_EXERCISE DETAILS_: Where a line of the data holds the word "units", copy that line.
DATASET EXCERPTS section start
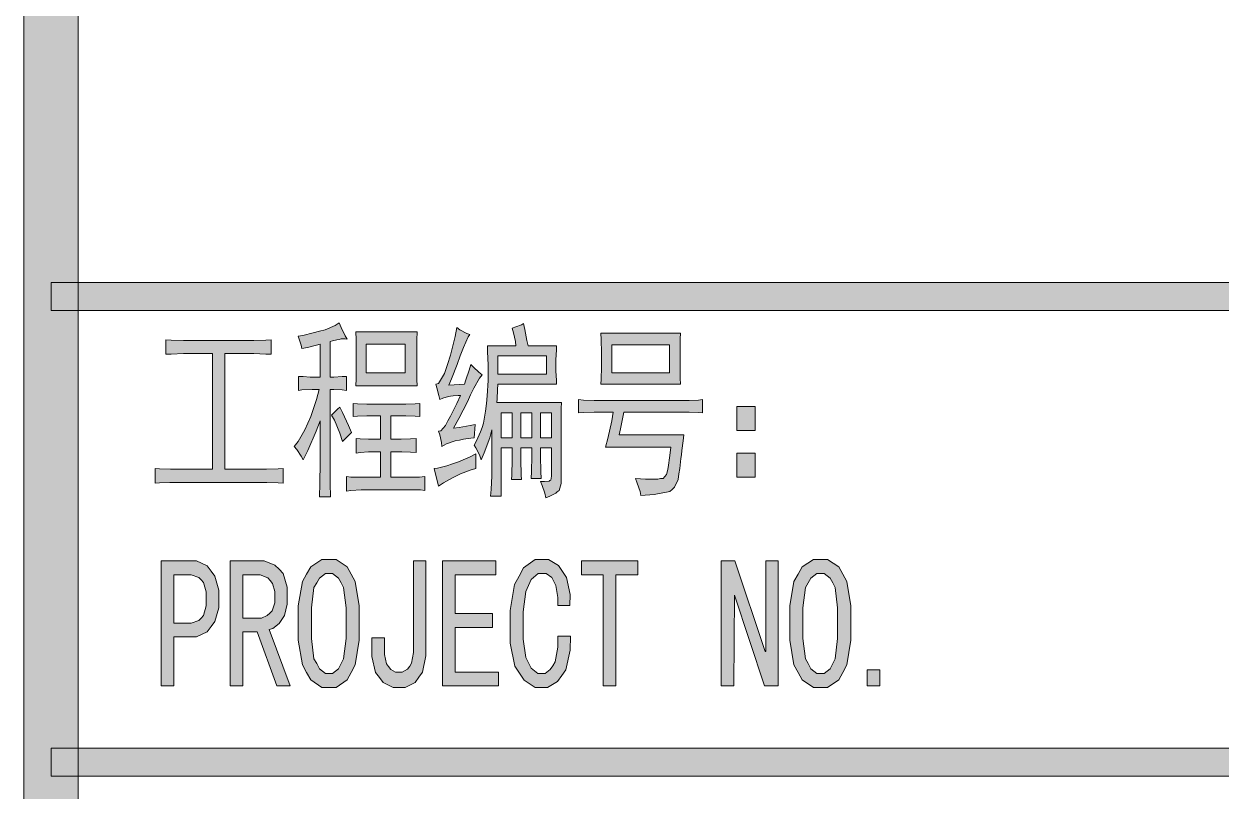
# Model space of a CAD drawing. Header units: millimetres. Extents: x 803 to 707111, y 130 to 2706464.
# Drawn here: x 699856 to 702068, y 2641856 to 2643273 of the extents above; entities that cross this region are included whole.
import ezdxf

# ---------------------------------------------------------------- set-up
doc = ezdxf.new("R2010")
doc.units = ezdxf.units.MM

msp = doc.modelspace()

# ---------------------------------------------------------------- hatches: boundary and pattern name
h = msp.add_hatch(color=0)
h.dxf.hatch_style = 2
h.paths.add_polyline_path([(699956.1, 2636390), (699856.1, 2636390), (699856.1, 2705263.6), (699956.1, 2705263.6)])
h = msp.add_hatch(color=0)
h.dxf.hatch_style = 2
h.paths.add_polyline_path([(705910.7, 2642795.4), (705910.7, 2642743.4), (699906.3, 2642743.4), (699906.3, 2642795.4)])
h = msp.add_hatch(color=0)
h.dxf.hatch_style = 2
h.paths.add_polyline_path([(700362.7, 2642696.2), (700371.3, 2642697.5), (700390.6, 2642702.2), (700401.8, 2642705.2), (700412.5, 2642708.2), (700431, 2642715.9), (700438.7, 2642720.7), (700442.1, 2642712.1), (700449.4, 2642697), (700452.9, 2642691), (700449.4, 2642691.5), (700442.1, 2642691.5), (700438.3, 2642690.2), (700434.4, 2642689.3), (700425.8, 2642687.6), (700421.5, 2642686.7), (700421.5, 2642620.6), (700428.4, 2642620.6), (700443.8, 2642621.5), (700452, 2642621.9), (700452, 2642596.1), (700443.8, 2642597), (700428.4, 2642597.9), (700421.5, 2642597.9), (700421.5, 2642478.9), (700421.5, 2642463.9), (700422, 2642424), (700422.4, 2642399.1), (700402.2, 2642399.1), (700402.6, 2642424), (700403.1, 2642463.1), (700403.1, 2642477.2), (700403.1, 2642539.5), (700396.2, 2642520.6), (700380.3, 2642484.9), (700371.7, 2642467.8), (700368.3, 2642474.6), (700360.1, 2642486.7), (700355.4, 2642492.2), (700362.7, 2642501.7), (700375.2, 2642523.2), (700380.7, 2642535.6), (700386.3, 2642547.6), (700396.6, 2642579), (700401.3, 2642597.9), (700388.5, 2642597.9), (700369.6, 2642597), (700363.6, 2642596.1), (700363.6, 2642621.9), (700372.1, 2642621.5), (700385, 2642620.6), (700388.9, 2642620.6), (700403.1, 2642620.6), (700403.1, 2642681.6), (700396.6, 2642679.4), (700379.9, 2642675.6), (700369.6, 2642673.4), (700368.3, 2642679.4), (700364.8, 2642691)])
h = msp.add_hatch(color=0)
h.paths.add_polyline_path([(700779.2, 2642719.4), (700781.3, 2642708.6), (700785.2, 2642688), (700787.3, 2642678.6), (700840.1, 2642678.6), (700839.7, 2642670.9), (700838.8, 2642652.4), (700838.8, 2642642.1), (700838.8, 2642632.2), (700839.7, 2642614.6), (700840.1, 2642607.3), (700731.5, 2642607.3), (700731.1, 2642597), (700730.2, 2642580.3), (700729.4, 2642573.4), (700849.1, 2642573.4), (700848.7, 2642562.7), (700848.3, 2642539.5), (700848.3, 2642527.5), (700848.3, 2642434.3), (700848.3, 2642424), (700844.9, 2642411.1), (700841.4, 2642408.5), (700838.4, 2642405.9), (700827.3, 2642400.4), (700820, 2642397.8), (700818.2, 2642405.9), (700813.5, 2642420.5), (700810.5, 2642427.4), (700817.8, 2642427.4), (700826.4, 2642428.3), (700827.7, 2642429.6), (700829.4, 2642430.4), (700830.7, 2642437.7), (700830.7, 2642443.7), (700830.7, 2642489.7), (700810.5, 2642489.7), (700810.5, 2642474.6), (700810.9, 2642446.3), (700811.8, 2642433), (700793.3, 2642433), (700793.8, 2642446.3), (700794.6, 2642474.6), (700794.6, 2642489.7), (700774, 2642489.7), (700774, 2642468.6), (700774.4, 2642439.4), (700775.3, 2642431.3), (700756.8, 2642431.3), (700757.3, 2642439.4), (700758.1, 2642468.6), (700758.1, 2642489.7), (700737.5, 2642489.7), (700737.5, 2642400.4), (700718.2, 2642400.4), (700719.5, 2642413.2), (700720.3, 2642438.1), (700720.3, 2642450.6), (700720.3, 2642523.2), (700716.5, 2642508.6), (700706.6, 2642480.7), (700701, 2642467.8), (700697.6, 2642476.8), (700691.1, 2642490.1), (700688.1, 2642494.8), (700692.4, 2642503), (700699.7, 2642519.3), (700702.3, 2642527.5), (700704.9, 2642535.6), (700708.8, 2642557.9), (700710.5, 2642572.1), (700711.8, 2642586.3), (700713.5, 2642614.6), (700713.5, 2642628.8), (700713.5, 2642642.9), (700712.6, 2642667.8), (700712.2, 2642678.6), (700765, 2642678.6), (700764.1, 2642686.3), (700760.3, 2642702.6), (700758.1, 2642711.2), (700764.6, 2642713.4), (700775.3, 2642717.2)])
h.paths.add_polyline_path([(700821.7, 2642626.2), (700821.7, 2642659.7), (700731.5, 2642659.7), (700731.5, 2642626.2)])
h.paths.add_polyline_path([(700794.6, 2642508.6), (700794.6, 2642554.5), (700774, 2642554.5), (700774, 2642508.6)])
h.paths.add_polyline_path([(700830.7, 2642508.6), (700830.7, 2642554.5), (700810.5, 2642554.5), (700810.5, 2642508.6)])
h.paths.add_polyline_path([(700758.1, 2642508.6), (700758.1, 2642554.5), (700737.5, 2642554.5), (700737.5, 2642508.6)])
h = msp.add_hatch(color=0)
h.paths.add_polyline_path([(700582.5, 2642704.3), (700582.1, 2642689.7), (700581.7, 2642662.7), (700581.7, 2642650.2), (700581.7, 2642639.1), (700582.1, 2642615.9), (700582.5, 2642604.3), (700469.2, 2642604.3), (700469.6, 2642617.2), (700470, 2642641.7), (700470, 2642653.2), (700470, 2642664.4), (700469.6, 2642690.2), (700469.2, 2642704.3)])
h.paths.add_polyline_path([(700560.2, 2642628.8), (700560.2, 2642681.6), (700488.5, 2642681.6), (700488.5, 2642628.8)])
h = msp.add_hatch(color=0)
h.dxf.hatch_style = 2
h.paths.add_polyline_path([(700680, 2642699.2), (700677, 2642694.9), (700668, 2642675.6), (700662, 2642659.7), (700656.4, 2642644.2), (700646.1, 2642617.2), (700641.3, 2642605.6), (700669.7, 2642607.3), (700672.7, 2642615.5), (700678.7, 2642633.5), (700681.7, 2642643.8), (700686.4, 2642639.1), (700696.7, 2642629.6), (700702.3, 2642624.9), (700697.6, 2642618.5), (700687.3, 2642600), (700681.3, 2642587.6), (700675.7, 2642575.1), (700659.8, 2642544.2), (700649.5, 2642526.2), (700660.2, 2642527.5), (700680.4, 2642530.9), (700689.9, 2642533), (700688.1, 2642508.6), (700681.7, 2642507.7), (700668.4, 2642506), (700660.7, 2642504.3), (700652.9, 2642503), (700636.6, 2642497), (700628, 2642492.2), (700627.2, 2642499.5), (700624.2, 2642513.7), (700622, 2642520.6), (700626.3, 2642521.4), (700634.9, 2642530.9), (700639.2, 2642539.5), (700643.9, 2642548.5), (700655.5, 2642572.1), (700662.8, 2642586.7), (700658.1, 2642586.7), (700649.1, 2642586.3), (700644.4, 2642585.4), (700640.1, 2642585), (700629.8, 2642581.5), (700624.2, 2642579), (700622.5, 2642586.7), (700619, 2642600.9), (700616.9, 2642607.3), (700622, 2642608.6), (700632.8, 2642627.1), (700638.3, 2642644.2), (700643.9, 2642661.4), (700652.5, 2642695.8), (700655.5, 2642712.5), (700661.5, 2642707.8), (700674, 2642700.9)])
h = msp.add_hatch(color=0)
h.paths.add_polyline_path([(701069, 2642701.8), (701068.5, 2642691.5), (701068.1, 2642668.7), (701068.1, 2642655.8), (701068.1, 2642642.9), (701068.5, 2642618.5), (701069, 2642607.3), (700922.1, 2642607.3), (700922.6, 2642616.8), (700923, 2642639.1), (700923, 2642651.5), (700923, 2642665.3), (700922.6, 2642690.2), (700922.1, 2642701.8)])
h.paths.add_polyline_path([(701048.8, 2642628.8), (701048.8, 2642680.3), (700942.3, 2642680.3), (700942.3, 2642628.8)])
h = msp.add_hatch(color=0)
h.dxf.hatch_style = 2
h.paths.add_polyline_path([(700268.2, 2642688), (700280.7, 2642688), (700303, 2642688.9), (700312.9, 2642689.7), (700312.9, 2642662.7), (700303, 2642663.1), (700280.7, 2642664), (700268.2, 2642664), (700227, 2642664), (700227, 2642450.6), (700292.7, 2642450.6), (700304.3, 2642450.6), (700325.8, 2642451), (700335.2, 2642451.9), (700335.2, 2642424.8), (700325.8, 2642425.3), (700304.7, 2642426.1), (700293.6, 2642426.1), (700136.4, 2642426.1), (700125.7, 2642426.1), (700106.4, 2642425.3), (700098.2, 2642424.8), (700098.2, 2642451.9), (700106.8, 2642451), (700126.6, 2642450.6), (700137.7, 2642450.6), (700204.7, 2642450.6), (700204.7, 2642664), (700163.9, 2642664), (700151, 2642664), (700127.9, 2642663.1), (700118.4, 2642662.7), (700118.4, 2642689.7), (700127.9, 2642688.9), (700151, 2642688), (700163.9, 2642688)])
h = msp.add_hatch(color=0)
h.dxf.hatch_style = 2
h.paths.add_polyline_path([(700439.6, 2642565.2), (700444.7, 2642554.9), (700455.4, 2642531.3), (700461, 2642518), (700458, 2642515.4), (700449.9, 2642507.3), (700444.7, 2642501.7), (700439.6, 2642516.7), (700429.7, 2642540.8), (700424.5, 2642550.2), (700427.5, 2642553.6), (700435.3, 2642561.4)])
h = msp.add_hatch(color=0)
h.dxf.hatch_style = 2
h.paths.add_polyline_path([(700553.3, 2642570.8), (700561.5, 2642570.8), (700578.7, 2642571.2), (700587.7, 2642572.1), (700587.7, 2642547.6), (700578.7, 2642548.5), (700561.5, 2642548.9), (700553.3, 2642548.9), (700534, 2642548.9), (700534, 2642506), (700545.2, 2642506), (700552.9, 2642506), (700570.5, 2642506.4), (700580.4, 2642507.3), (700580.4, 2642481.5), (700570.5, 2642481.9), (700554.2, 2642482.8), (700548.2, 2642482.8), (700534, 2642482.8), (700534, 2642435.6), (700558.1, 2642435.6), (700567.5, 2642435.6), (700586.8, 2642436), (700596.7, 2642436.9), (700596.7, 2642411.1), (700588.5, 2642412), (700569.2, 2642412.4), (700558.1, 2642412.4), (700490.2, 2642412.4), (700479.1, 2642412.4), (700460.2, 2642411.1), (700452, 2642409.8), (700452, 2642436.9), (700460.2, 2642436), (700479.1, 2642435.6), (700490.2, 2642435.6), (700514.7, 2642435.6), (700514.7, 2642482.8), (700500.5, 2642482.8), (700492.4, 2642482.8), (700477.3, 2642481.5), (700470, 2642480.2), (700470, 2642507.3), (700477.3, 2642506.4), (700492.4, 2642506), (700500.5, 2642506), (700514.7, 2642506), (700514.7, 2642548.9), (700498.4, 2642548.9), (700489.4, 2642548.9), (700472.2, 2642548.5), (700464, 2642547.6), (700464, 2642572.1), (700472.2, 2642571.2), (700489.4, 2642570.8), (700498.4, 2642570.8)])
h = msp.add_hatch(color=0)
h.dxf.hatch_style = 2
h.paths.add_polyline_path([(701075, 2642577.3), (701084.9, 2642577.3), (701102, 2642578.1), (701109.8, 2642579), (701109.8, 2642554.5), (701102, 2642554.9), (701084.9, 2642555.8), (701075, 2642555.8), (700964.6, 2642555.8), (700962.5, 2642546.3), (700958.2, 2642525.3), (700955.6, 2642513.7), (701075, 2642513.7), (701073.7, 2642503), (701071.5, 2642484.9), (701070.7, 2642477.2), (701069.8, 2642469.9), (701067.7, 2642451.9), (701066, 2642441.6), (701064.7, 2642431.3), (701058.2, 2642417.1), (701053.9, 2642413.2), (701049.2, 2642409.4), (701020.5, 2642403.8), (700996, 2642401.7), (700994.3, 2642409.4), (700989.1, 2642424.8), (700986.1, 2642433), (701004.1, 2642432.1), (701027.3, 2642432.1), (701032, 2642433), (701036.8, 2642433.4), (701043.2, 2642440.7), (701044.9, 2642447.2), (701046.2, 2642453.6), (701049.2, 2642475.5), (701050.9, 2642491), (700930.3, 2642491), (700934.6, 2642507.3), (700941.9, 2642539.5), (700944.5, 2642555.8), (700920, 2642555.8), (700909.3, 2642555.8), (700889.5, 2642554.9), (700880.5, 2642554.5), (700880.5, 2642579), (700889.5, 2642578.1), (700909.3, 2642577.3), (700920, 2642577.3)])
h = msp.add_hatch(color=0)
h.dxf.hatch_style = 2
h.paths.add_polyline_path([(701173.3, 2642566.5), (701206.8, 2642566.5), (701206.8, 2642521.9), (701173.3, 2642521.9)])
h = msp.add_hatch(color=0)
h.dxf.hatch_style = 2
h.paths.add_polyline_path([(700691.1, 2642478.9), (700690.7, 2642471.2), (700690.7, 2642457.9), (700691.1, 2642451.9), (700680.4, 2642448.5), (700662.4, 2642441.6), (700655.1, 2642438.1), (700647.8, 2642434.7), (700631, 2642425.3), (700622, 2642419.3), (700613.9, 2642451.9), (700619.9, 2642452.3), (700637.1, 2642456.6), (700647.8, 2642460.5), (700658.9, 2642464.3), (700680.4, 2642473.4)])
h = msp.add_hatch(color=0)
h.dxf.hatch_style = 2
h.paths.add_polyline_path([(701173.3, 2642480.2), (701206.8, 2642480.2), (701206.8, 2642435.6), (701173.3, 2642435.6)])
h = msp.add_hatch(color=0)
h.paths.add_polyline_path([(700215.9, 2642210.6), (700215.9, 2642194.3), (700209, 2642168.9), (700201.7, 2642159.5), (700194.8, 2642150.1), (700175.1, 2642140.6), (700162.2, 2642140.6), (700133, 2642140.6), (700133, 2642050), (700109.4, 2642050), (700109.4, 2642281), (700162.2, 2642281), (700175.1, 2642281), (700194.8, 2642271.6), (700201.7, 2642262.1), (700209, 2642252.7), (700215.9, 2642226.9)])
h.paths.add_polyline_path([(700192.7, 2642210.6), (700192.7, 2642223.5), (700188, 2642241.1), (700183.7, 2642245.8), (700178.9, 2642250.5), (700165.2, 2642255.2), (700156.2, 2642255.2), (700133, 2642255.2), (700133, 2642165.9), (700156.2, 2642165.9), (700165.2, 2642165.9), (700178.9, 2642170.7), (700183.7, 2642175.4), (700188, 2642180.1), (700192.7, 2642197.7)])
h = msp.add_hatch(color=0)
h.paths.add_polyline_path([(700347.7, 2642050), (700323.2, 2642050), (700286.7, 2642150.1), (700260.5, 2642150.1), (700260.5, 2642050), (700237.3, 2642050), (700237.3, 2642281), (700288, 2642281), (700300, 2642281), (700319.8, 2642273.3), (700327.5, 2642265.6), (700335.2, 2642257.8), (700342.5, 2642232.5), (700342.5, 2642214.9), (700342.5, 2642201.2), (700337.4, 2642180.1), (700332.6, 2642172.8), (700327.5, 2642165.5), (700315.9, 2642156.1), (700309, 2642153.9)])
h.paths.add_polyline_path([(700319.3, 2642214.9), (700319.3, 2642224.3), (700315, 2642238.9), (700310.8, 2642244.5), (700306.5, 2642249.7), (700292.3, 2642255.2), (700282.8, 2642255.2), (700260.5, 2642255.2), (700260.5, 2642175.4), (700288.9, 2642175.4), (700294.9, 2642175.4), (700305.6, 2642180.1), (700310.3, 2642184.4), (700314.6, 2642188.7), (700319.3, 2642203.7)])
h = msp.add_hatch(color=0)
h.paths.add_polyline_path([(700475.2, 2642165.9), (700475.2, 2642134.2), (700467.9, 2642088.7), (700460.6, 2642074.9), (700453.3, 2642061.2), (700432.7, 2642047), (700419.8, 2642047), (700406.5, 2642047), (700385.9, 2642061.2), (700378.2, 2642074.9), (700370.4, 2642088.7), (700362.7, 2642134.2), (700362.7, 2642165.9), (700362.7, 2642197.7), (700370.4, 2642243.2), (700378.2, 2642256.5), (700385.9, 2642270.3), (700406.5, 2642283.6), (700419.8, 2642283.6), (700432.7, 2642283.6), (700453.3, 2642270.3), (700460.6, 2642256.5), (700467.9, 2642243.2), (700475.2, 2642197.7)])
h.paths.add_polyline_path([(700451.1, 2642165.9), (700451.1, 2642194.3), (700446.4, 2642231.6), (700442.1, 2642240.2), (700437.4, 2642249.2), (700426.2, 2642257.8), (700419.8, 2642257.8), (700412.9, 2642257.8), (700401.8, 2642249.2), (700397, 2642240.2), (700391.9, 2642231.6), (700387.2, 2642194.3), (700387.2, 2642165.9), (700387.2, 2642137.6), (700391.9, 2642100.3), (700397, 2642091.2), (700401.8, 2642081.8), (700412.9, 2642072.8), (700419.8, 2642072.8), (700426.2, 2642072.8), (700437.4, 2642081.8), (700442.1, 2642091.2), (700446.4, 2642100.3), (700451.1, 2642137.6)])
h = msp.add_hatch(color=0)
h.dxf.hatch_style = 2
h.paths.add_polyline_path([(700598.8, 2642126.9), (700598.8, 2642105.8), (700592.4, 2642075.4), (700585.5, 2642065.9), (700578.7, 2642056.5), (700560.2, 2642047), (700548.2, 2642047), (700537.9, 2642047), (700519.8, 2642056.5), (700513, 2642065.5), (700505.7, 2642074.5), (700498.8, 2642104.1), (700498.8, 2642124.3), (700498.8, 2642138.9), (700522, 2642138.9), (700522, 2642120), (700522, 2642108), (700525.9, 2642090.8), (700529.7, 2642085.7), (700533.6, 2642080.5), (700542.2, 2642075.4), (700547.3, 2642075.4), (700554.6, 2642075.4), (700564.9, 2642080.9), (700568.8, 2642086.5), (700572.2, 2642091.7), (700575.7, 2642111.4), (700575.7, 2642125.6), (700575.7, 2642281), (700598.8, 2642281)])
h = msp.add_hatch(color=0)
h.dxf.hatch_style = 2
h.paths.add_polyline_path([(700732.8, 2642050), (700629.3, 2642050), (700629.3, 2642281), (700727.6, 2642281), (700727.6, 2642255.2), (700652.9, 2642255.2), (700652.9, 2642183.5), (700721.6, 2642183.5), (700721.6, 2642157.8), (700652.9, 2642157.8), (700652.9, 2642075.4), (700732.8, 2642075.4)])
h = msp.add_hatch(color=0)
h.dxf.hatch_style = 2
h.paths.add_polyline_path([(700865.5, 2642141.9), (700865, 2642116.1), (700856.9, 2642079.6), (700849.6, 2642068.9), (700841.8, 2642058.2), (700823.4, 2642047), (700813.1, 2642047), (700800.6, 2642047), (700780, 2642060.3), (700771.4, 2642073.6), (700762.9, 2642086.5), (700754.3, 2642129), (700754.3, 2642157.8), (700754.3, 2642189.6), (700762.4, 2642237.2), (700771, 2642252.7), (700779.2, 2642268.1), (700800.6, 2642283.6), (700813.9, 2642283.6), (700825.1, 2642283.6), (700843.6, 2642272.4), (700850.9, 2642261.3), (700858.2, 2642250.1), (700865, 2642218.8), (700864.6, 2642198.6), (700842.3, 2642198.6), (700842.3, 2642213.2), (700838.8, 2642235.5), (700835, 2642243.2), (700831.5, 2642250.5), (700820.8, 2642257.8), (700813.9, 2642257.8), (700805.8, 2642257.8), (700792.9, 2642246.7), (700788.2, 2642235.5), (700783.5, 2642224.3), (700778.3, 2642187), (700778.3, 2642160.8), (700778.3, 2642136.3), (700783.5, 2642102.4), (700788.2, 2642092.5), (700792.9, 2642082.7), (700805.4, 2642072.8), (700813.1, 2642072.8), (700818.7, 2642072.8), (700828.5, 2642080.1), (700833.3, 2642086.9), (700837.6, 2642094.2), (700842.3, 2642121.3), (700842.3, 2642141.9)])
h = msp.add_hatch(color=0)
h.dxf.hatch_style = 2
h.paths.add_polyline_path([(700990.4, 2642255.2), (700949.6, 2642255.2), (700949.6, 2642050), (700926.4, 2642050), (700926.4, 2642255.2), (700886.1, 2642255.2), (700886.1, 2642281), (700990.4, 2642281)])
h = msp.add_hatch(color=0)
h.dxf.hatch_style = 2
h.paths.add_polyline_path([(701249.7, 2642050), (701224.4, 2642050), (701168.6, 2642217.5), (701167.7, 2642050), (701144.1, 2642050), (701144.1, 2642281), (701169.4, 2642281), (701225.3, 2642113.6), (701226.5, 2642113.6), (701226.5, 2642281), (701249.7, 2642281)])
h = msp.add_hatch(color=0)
DATASET EXCERPTS section end
_WRITTEN ANSWER_:
# Model space of a CAD drawing. Header units: millimetres. Extents: x 803 to 707111, y 130 to 2706464.
doc.units = ezdxf.units.MM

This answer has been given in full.